I'm tellin' you...the toughest part is getting out the door in the first place. Get the right gear, and you'll enjoy riding in near-freezing and sub-freezing temps. As saf-t implies, we ain't seen nothing yet, so embrace the Autumn days!


----------



## EverydayRide (Sep 12, 2008)

RotatingShifts said:


> I'm tellin' you...the toughest part is getting out the door in the first place. Get the right gear, and you'll enjoy riding in near-freezing and sub-freezing temps. As saf-t implies, we ain't seen nothing yet, so embrace the Autumn days!


It's psychological in the event of time. If you had a 55F day in Decembre everyone would be out nailing down 25-40 miles and feeling "spring" in the bones. Have a 55F day in Septembre people huddle around the bond fires with warm beverages in a state of serious depression.

My solution? As stated by RotatiingShifts, proper outer wear and getting out the door. Getting out the door is 99% of the entire effort. I rode since mid Fev this year in 30F weather. What motivated me was mileage. I really wanted to break the 8,000 mile mark this year commuting. I'm close.
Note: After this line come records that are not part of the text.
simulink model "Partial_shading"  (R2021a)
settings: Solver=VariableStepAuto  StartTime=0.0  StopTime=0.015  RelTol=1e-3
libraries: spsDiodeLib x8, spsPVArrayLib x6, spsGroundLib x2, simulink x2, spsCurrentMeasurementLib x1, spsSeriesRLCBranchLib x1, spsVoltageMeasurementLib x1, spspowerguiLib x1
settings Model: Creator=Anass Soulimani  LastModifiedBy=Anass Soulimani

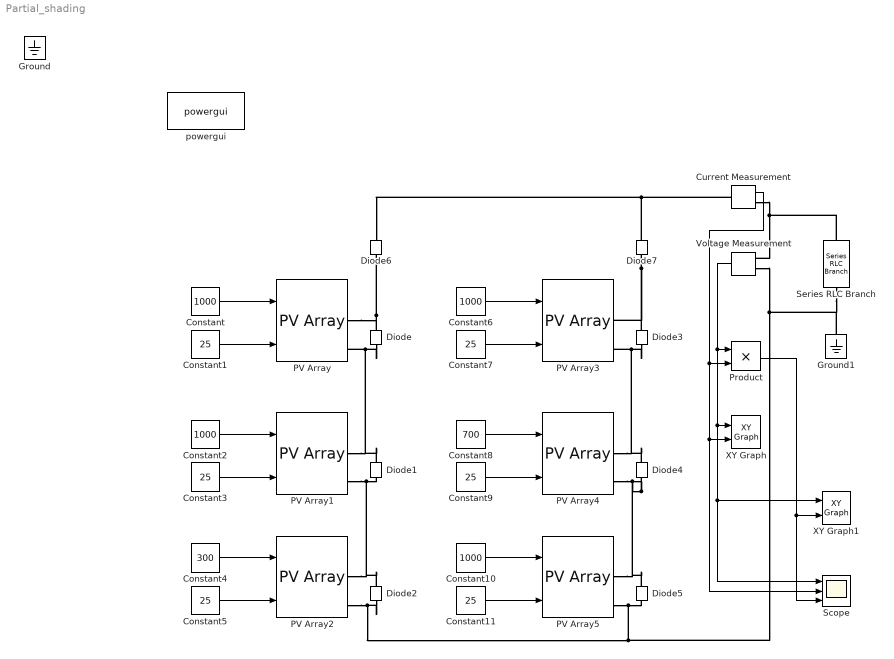
== system Partial_shading ==
  Constant{,2,6,10} (4 alike) : Constant  Value=1000
  Constant{1,3,5,7,9,11} (6 alike) : Constant  Value=25
  Constant4 : Constant  Value=300
  Constant8 : Constant  Value=700
  Current Measurement : spsCurrentMeasurementLib/Current Measurement  PhasorSimulation=off  OutputType=Complex  PSBequivalent=0
  Diode{,1..7} (8 alike) : spsDiodeLib/Diode  Ron=0.001  Lon=0  Vf=0.8  IC=0  UseSnubber=0  Rs=500  Cs=250e-9  Measurements=off
  Ground : spsGroundLib/Ground  LConnTagsString=a
  Ground1 : spsGroundLib/Ground  LConnTagsString=a
  PV Array{,1..5} (6 alike) : spsPVArrayLib/PV Array  Npar=1  Nser=1  PlotType=array @ 1000 W/m2 & specified temperatures  S_vec="[ 1000  500  100 ]"  Temp_C_vec="[ 45 25  ]"  ModuleName=Kyocera Solar KC200GT  PlotWhenSelected=off  Pm=200.143  Ncell=54  Voc=32.9  Isc=8.21  Vm=26.3  Im=7.61  beta_Voc_pc=-0.355  alpha_Isc_pc=0.06  beta_Voc=-0.11679  alpha_Isc=0.004926  IL=8.2288  I0=2.3234e-10  nI=0.97734  Rsh=150.6844  Rs=0.34484  RobustModel=off  RobustCellTemperature=313.3991  BAL=on  Tc=1e-6  Tfilter=5e-5
  Product : Product
  Scope : Scope  NumInputPorts=3
  Series RLC Branch : spsSeriesRLCBranchLib/Series RLC Branch  LConnTagsString=__new0  RConnTagsString=__new0  BranchType=C  Resistance=1  Inductance=1e-3  SetiL0=off  InitialCurrent=0  Capacitance=1e-3  Setx0=off  InitialVoltage=0  Measurements=None
  Voltage Measurement : spsVoltageMeasurementLib/Voltage Measurement  PhasorSimulation=off  OutputType=Complex  PSBequivalent=0
  XY Graph : simulink/Sinks/XY Graph  xmin=0  xmax=100  ymin=0  ymax=18  st=-1
  XY Graph1 : simulink/Sinks/XY Graph  xmin=0  xmax=100  ymin=0  ymax=1300  st=-1
  powergui : spspowerguiLib/powergui  Priority=1  SimulationMode=Continuous  SampleTime=50e-6  frequency=60  Iterations=50  frequencyindice=0  Pbase=100e6  ErrMax=1e-4  UnitsV=kV  UnitsW=MW  buscounter=0  FunctionMessages=off  echomessages=off  EnableUseOfTLC=off  CurrentSourceSwitches=off  DisableSnubberDevices=off  DisableRonSwitches=off  DisableVfSwitches=off  DisplayEquations=off  AutomaticDiscreteSolvers=off  SolverType=Tustin/Backward Euler (TBE)  Interpol=off  ExternalGateDelay=off  methode=off  Ts=100  x0status=blocks  SPID=on  SwTol=0  HookPort=off  NonlinearTolerance=1e-4  nMaxIteration=100  ContinueOnMaxIteration=off  RestoreLinks=warning  ResistiveCurrentMeasurement=off  Frange=[0:2:500]  Ylog=off  Xlog=on  ShowGrid=off  save=off  variable=ZData  structure=0  ZoomFFT=off  StartTime=0.0  cycles=1  DisplayStyle=1  fundamental=60  FreqAxis=off  MaxFrequency=1000  frequencyindicesteady=1  RmsSteady=1  display=off
  wires:
  Constant/1 -> PV Array/1
  Constant1/1 -> PV Array/2
  Constant3/1 -> PV Array1/2
  Constant2/1 -> PV Array1/1
  Constant5/1 -> PV Array2/2
  Constant4/1 -> PV Array2/1
  Constant8/1 -> PV Array4/1
  Constant9/1 -> PV Array4/2
  Constant7/1 -> PV Array3/2
  Constant11/1 -> PV Array5/2
  Constant10/1 -> PV Array5/1
  Constant6/1 -> PV Array3/1
  Current Measurement/1 -> Scope/2, XY Graph/2, Product/2
  Voltage Measurement/1 -> Scope/1, XY Graph1/1, XY Graph/1, Product/1
  Product/1 -> XY Graph1/2, Scope/3
  connections:
  PV Array/RConn1 -- Diode/RConn1 -- Diode6/LConn1
  PV Array1/RConn2 -- Diode2/RConn1 -- PV Array2/RConn1 -- Diode1/LConn1
  Diode/LConn1 -- PV Array1/RConn1 -- Diode1/RConn1 -- PV Array/RConn2
  Diode3/LConn1 -- PV Array3/RConn2 -- PV Array4/RConn1 -- Diode4/RConn1
  Diode4/LConn1 -- Diode5/RConn1 -- PV Array5/RConn1 -- PV Array4/RConn2
  PV Array2/RConn2 -- Ground1/LConn1 -- Series RLC Branch/RConn1 -- Voltage Measurement/LConn2 -- PV Array5/RConn2 -- Diode5/LConn1 -- Diode2/LConn1
  Diode7/LConn1 -- PV Array3/RConn1 -- Diode3/RConn1
  Current Measurement/LConn1 -- Diode7/RConn1 -- Diode6/RConn1
  Current Measurement/RConn1 -- Series RLC Branch/LConn1 -- Voltage Measurement/LConn1
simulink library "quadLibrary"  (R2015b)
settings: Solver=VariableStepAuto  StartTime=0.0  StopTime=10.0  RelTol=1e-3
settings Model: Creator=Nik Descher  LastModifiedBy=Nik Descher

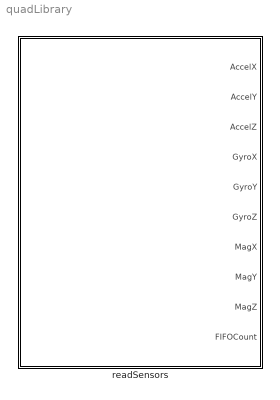
== system quadLibrary ==
  readSensors : Subsystem  TreatAsAtomicUnit=on  SystemSampleTime=1/1000

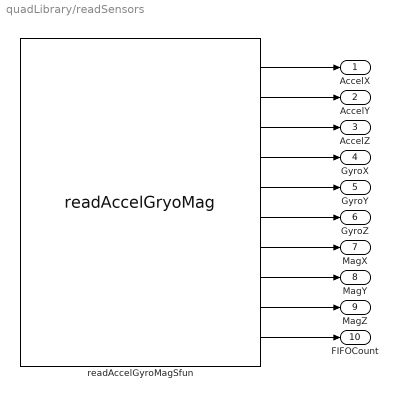
== system quadLibrary/readSensors ==
  readAccelGyroMagSfun : S-Function  InitFcn=try, set_param(gcb,'FunctionName','readAccelGryoMag'), end  FunctionName=readAccelGryoMag  SFunctionModules=readAccelGryoMag_wrapper  SFunctionDeploymentMode=off  EnableBusSupport=off  mask(S-Function Builder){Parameter1=0, Parameter2=0}
      mask prompts: Parameter1 "High Reg Address"; Parameter2 "Low Reg Address"
      mask help: Simulink:masks:SFunctionBuilder_MD
      mask init:
      | val = [[.9  0.75 0.75 1 1 .9 .9 1]',[1 1 0.75 0.75 .9 .9 1 .9]'];try , sys = get_param(gcb,'SfunBuilderFcnName');if isempty(sys), sys = get_param(gcb,'FunctionName'); end,catch, sys = get_param(gcb,'FunctionName'); end
      settings: CopyFcn=set_param(gcbh,'LinkStatus','none')  PreSaveFcn=try, set_param(gcb,'FunctionName','readAccelGryoMag'), end  OpenFcn=sfunctionwizard(gcbh)
      mask Display: plot(val(:,1),val(:,2)),disp(sys), port_label('output',1,'AccelX'), port_label('output',2,'AccelY'), port_label('output',3,'AccelZ'), port_label('output',4,'GyroX'), port_label('output',5,'GyroY'), port_label('output',6,'GyroZ'), port_label('output',7,'MagX'), port_label('output',8,'MagY'), port_label('output',9,'MagZ'), port_label('output',10,'FIFOCount')
  AccelX : Outport
  AccelY : Outport  Port=2
  AccelZ : Outport  Port=3
  GyroX : Outport  Port=4
  GyroY : Outport  Port=5
  GyroZ : Outport  Port=6
  MagX : Outport  Port=7
  MagY : Outport  Port=8
  MagZ : Outport  Port=9
  FIFOCount : Outport  Port=10
  wires:
  readAccelGyroMagSfun/10 -> FIFOCount/1
  readAccelGyroMagSfun/5 -> GyroY/1
  readAccelGyroMagSfun/2 -> AccelY/1
  readAccelGyroMagSfun/1 -> AccelX/1
  readAccelGyroMagSfun/4 -> GyroX/1
  readAccelGyroMagSfun/6 -> GyroZ/1
  readAccelGyroMagSfun/7 -> MagX/1
  readAccelGyroMagSfun/3 -> AccelZ/1
  readAccelGyroMagSfun/9 -> MagZ/1
  readAccelGyroMagSfun/8 -> MagY/1
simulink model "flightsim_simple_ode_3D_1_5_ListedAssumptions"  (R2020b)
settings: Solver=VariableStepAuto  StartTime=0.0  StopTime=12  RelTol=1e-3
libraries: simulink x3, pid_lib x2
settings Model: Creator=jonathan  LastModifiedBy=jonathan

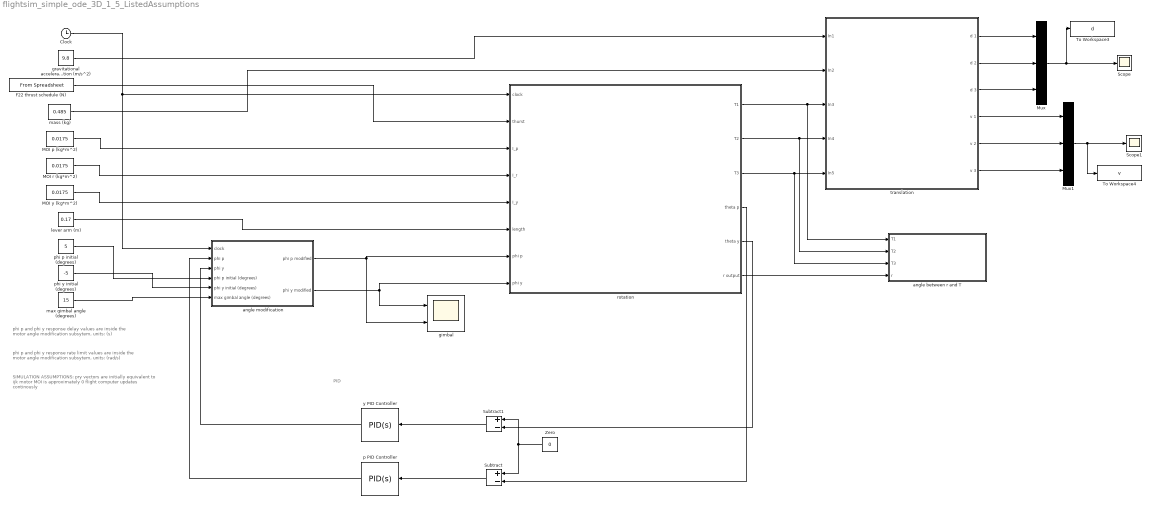
== system flightsim_simple_ode_3D_1_5_ListedAssumptions ==
  note: PID
  note: SIMULATION ASSUMPTIONS:
      | pry vectors are initially equivalent to ijk
      | motor MOI is approximately 0
      | flight computer updates continously
  note: phi p and phi y response rate limit values are inside the motor angle modification subsytem, units: (rad/s)
  note: phi p and phi y response delay values are inside the motor angle modification subsytem, units: (s)
  Clock : Clock
  F22 thrust schedule (N) : FromSpreadsheet  FileName=/Users/jonathan/Documents/GitHub/TVC-6DOF-Flight-Simulation/F15_thrust_curve.xlsx  OutDataTypeStr=double  ExtrapolationBeforeFirstDataPoint=Hold first value  ExtrapolationAfterLastDataPoint=Hold last value
  MOI p (kg*m^2) : Constant  Value=0.0175
  MOI r (kg*m^2) : Constant  Value=0.0175
  MOI y (kg*m^2) : Constant  Value=0.0175
  Mux : Mux  Inputs=3
  Mux1 : Mux  Inputs=3
  Scope : Scope
  Scope1 : Scope
  Subtract : Sum  Inputs=+-
  Subtract1 : Sum  Inputs=+-
  To Workspace3 : ToWorkspace  VariableName=d  SaveFormat=Timeseries  SampleTime=-1
  To Workspace4 : ToWorkspace  VariableName=v  SaveFormat=Timeseries  SampleTime=-1
  Zero : Constant  Value=0  OutDataTypeStr=Inherit: Inherit via back propagation
  angle between r and T : Subsystem
  angle modification : Subsystem
  gimbal : Scope  NumInputPorts=2
  gravitational acceleration (m/s^2) : Constant  Value=9.8
  lever arm (m) : Constant  Value=0.17
  mass (kg) : Constant  Value=0.485
  max gimbal angle (degrees) : Constant  Value=15
  p PID Controller : pid_lib/PID Controller  Controller=PID  Form=Parallel  TimeDomain=Continuous-time  UseExternalTs=off  SampleTime=-1  IntegratorMethod=Forward Euler  FilterMethod=Forward Euler  ControllerParametersSource=internal  P=-0.00942  I=-0.00055  D=-0.03588  UseFilter=on  N=1142.8279760416  TunerSelectOption=Transfer Function Based (PID Tuner App)  InitialConditionSource=internal  InitialConditionForIntegrator=0  InitialConditionForFilter=0  DifferentiatorICPrevScaledInput=0  ExternalReset=none  TrackingMode=off  Kt=1  LimitOutput=off  SatLimitsSource=internal  UpperSaturationLimit=inf  LowerSaturationLimit=-inf  LinearizeAsGain=on  AntiWindupMode=none  Kb=1  POutMin=[]  POutMax=[]  IOutMin=[]  IOutMax=[]  DOutMin=[]  DOutMax=[]  NOutMin=[]  NOutMax=[]  SumOutMin=[]  SumOutMax=[]  SaturationOutMin=[]  SaturationOutMax=[]  PParamMin=[]  PParamMax=[]  IParamMin=[]  IParamMax=[]  DParamMin=[]  DParamMax=[]  NParamMin=[]  NParamMax=[]  KbParamMin=[]  KbParamMax=[]  KtParamMin=[]  KtParamMax=[]  KbOutMin=[]  KbOutMax=[]  KtOutMin=[]  KtOutMax=[]  IntegratorOutMin=[]  IntegratorOutMax=[]  FilterOutMin=[]  FilterOutMax=[]  SumI1OutMin=[]  SumI1OutMax=[]  SumI2OutMin=[]  SumI2OutMax=[]  SumI3OutMin=[]  SumI3OutMax=[]  SumI4OutMin=[]  SumI4OutMax=[]  SumDOutMin=[]  SumDOutMax=[]  DifferentiatorOutMin=[]  DifferentiatorOutMax=[]  FilterDiffOutCoefMin=[]  FilterDiffOutCoefMax=[]  ReciprocalOutMin=[]  ReciprocalOutMax=[]  SumDenOutMin=[]  SumDenOutMax=[]  SumNumOutMin=[]  SumNumOutMax=[]  DivideOutMin=[]  DivideOutMax=[]  UdiffTsProdOutMin=[]  UdiffTsProdOutMax=[]  NTsProdOutMin=[]  NTsProdOutMax=[]  UintegralTsProdOutMin=[]  UintegralTsProdOutMax=[]  UngainTsProdOutMin=[]  UngainTsProdOutMax=[]  IntegratorContinuousStateAttributes=''  IntegratorStateMustResolveToSignalObject=off  IntegratorRTWStateStorageClass=Auto  FilterContinuousStateAttributes=''  FilterStateMustResolveToSignalObject=off  FilterRTWStateStorageClass=Auto  ParallelPVariant=InternalParameters  IdealPVariant=Disabled  IVariant=InternalParameters  DVariant=InternalParameters  IntegratorVariant=Continuous  SatVariant=Disabled  AWVariant=Passthrough  PCopyVariant=Disabled  TRVariant=Disabled  FdbkBlocksVariant=Forward  IdealPFdbkVariant=Disabled  SatFdbkVariant=Disabled  DerivativeFilterVariant=ContFilter  NVariant=InternalParameters  NCopyVariant=Disabled  FilterICVariant=InternalICsFilter  IntegratorICVariant=InternalICs  ExternalResetVariant=Disabled  TRSumVariant=Passthrough  SumFdbkVariant=Disabled  SumVariant=Sum_PID  TsampFilterVariant=InternalTs  TsampNgainVariant=Passthrough  TsampIntegralVariant=Passthrough  ExternalSaturationOutDataTypeStr=Inherit: Same as second input
  phi p initial (degrees) : Constant  Value=5
  phi y initial (degrees) : Constant  Value=-5
  rotation : Subsystem
  translation : Subsystem
  y PID Controller : pid_lib/PID Controller  Controller=PID  Form=Parallel  TimeDomain=Continuous-time  UseExternalTs=off  SampleTime=-1  IntegratorMethod=Forward Euler  FilterMethod=Forward Euler  ControllerParametersSource=internal  P=0.01930  I=0.00113  D=0.07350  UseFilter=on  N=1142.8279760416  TunerSelectOption=Transfer Function Based (PID Tuner App)  InitialConditionSource=internal  InitialConditionForIntegrator=0  InitialConditionForFilter=0  DifferentiatorICPrevScaledInput=0  ExternalReset=none  TrackingMode=off  Kt=1  LimitOutput=off  SatLimitsSource=internal  UpperSaturationLimit=inf  LowerSaturationLimit=-inf  LinearizeAsGain=on  AntiWindupMode=none  Kb=1  POutMin=[]  POutMax=[]  IOutMin=[]  IOutMax=[]  DOutMin=[]  DOutMax=[]  NOutMin=[]  NOutMax=[]  SumOutMin=[]  SumOutMax=[]  SaturationOutMin=[]  SaturationOutMax=[]  PParamMin=[]  PParamMax=[]  IParamMin=[]  IParamMax=[]  DParamMin=[]  DParamMax=[]  NParamMin=[]  NParamMax=[]  KbParamMin=[]  KbParamMax=[]  KtParamMin=[]  KtParamMax=[]  KbOutMin=[]  KbOutMax=[]  KtOutMin=[]  KtOutMax=[]  IntegratorOutMin=[]  IntegratorOutMax=[]  FilterOutMin=[]  FilterOutMax=[]  SumI1OutMin=[]  SumI1OutMax=[]  SumI2OutMin=[]  SumI2OutMax=[]  SumI3OutMin=[]  SumI3OutMax=[]  SumI4OutMin=[]  SumI4OutMax=[]  SumDOutMin=[]  SumDOutMax=[]  DifferentiatorOutMin=[]  DifferentiatorOutMax=[]  FilterDiffOutCoefMin=[]  FilterDiffOutCoefMax=[]  ReciprocalOutMin=[]  ReciprocalOutMax=[]  SumDenOutMin=[]  SumDenOutMax=[]  SumNumOutMin=[]  SumNumOutMax=[]  DivideOutMin=[]  DivideOutMax=[]  UdiffTsProdOutMin=[]  UdiffTsProdOutMax=[]  NTsProdOutMin=[]  NTsProdOutMax=[]  UintegralTsProdOutMin=[]  UintegralTsProdOutMax=[]  UngainTsProdOutMin=[]  UngainTsProdOutMax=[]  IntegratorContinuousStateAttributes=''  IntegratorStateMustResolveToSignalObject=off  IntegratorRTWStateStorageClass=Auto  FilterContinuousStateAttributes=''  FilterStateMustResolveToSignalObject=off  FilterRTWStateStorageClass=Auto  ParallelPVariant=InternalParameters  IdealPVariant=Disabled  IVariant=InternalParameters  DVariant=InternalParameters  IntegratorVariant=Continuous  SatVariant=Disabled  AWVariant=Passthrough  PCopyVariant=Disabled  TRVariant=Disabled  FdbkBlocksVariant=Forward  IdealPFdbkVariant=Disabled  SatFdbkVariant=Disabled  DerivativeFilterVariant=ContFilter  NVariant=InternalParameters  NCopyVariant=Disabled  FilterICVariant=InternalICsFilter  IntegratorICVariant=InternalICs  ExternalResetVariant=Disabled  TRSumVariant=Passthrough  SumFdbkVariant=Disabled  SumVariant=Sum_PID  TsampFilterVariant=InternalTs  TsampNgainVariant=Passthrough  TsampIntegralVariant=Passthrough  ExternalSaturationOutDataTypeStr=Inherit: Same as second input
  wires:
  MOI p (kg*m^2)/1 -> rotation/3(I_p)
  MOI r (kg*m^2)/1 -> rotation/4(I_r)
  MOI y (kg*m^2)/1 -> rotation/5(I_y)
  lever arm (m)/1 -> rotation/6(length)
  rotation/6(r output) -> angle between r and T/4(r)
  gravitational acceleration (m/s^2)/1 -> translation/1(In1)
  mass (kg)/1 -> translation/2(In2)
  rotation/1(T1) -> translation/3(In3), angle between r and T/1(T1)
  rotation/2(T2) -> translation/4(In4), angle between r and T/2(T2)
  rotation/3(T3) -> translation/5(In5), angle between r and T/3(T3)
  translation/4(v 1) -> Mux1/1
  translation/5(v 2) -> Mux1/2
  translation/6(v 3) -> Mux1/3
  translation/1(d 1) -> Mux/1
  translation/2(d 2) -> Mux/2
  translation/3(d 3) -> Mux/3
  Mux/1 -> To Workspace3/1, Scope/1
  Mux1/1 -> Scope1/1, To Workspace4/1
  F22 thrust schedule (N)/1 -> rotation/2(thurst)
  phi y initial (degrees)/1 -> angle modification/5(phi y initial (degrees))
  phi p initial (degrees)/1 -> angle modification/4(phi p initial (degrees))
  Clock/1 -> angle modification/1(clock), rotation/1(clock)
  y PID Controller/1 -> angle modification/3(phi y)
  p PID Controller/1 -> angle modification/2(phi p)
  angle modification/2(phi y modified) -> rotation/8(phi y), gimbal/1
  Zero/1 -> Subtract1/1, Subtract/1
  Subtract1/1 -> y PID Controller/1
  rotation/5(theta y) -> Subtract1/2
  rotation/4(theta p) -> Subtract/2
  angle modification/1(phi p modified) -> rotation/7(phi p), gimbal/2
  max gimbal angle (degrees)/1 -> angle modification/6(max gimbal angle (degrees))
  Subtract/1 -> p PID Controller/1

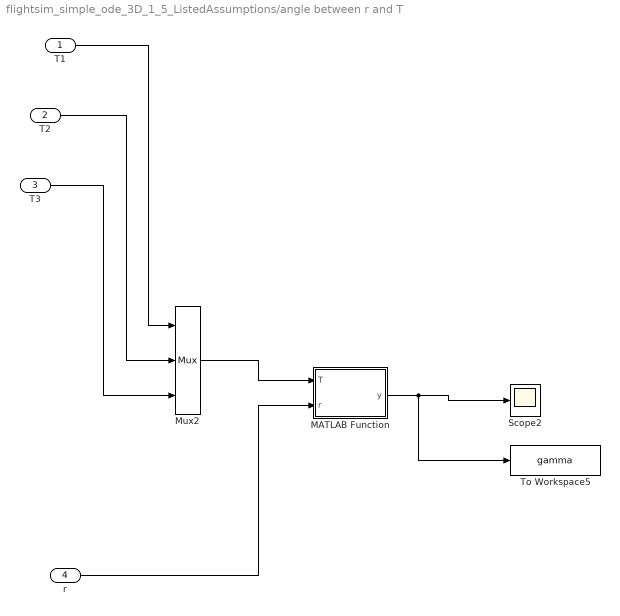
== system flightsim_simple_ode_3D_1_5_ListedAssumptions/angle between r and T ==
  T1 : Inport
  T2 : Inport  Port=2
  T3 : Inport  Port=3
  r : Inport  Port=4
  MATLAB Function : MATLAB Function  TreatAsAtomicUnit=on
  Mux2 : Mux  Inputs=3
  Scope2 : Scope
  To Workspace5 : ToWorkspace  VariableName=gamma  SaveFormat=Timeseries  SampleTime=-1
  wires:
  T3/1 -> Mux2/3
  r/1 -> MATLAB Function/2(r)
  T2/1 -> Mux2/2
  T1/1 -> Mux2/1
  Mux2/1 -> MATLAB Function/1(T)
  MATLAB Function/1(y) -> To Workspace5/1, Scope2/1

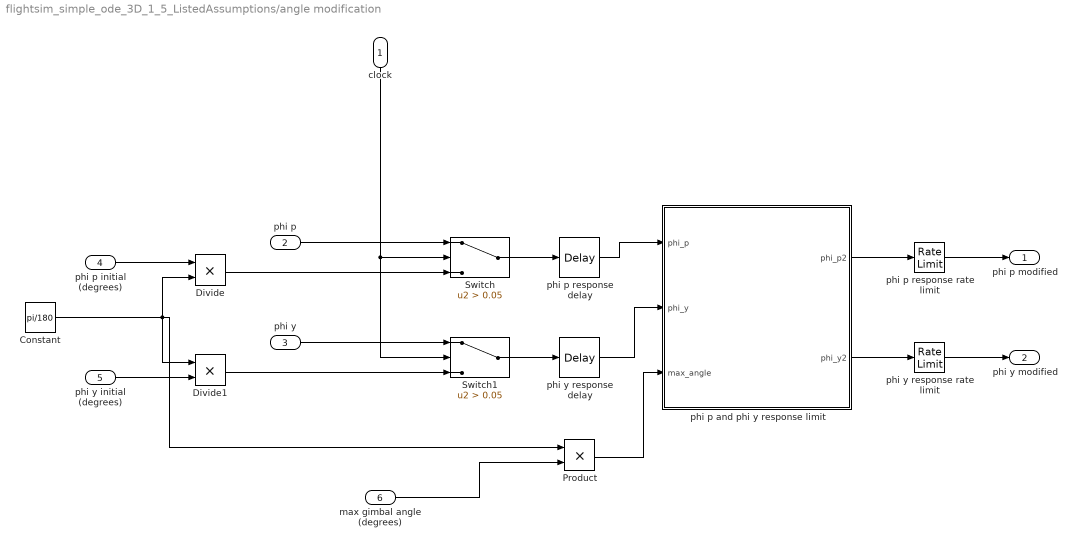
== system flightsim_simple_ode_3D_1_5_ListedAssumptions/angle modification ==
  clock : Inport
  phi p : Inport  Port=2
  phi y : Inport  Port=3
  phi p initial (degrees) : Inport  Port=4
  phi y initial (degrees) : Inport  Port=5
  max gimbal angle (degrees) : Inport  Port=6
  Constant : Constant  Value=pi/180
  Divide : Product  Inputs=**
  Divide1 : Product  Inputs=**
  Product : Product
  Switch : Switch  Criteria=u2 > Threshold  Threshold=0.05
  Switch1 : Switch  Criteria=u2 > Threshold  Threshold=0.05
  phi p and phi y response limit : MATLAB Function  TreatAsAtomicUnit=on
  phi p response delay : TransportDelay  DelayTime=0.05
  phi p response rate limit : RateLimiter  RisingSlewLimit=175*pi/180  FallingSlewLimit=-175*pi/180  SampleTimeMode=inherited
  phi y response delay : TransportDelay  DelayTime=0.05
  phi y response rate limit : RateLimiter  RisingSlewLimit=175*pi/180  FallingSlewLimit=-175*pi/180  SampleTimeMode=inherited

I use to ride 10 months a year back home, 300 days a year in rain [at least one of the two ways each day on my commute]. Gottah love northern france. I don't think it became better in Bruxelles either. LOL. Back then I was riding with a club and clothing was provided. I also helped out with junior riders on Wednesdays and Saturdays so that kept me in the sport too. In the U.S. I must have $2k worth of riding gear for rain or cold alone - easily. Dress for the occasion is the saying.

The ride in 40F weather is the ride you are dreaming about in mid January or February. Enjoy it now if you get it in Octobre, you'll be begging for it come mid winter. 

Best rides, fastest times - cold rain. Never understood why.



 
Thumb Nail Click Image 
to Enlarge


----------



## AJL (Jul 9, 2009)

Yeah, I should have jumped on getting some warmer clothing sooner. It's amazing that many of of the online discount shops are already pretty low on inventory (unless you're buying >$100 jerseys). I think it's very true about just getting out the door.


----------



## MisterMike (Aug 12, 2004)

Man-up and ride until it snows. Once the clocks change riding after work is out so I'll be spinning during the week and hitting the roads if its >35F on the weekends. No big miles per ride, just to get out there will be good.


----------



## AJL (Jul 9, 2009)

Awe forgot about DST, which ends November 1 this year. Damn - I'm not going to change my rear tire* every weekend to go out for a ride (eventually I'll have a second set once I rebuild my old wheels). I think I'm just going to shoot for getting out earlier in 2010 - that'll be nice 


*Trainers wreck tires, so I used an old pair for training and save my newer ones for the road. Since it's pretty hard to flat on a trainer, the old ones work fine.


----------



## cyclesport45 (Dec 10, 2007)

Anyone up for my 5th annual DDCDR*??

divorced dads' Christmas Day ride. One to two hours, Christmas day morning.


----------



## Lil Dale (Feb 19, 2009)

For all you guys complaining here's your Indian summer, 1st weekend in 7 without rain/snow and temps yesterday and today around 70 to boot. Enjoy!


----------



## tommyrhodes (Aug 19, 2009)

Yea its been great!!! I got vets day off and I'm heading out to mattapoisett mass for some riding...


----------



## cyclesport45 (Dec 10, 2007)

Lots of miles being ridden today!


----------



## AJL (Jul 9, 2009)

Lil Dale said:


> For all you guys complaining here's your Indian summer, 1st weekend in 7 without rain/snow and temps yesterday and today around 70 to boot. Enjoy!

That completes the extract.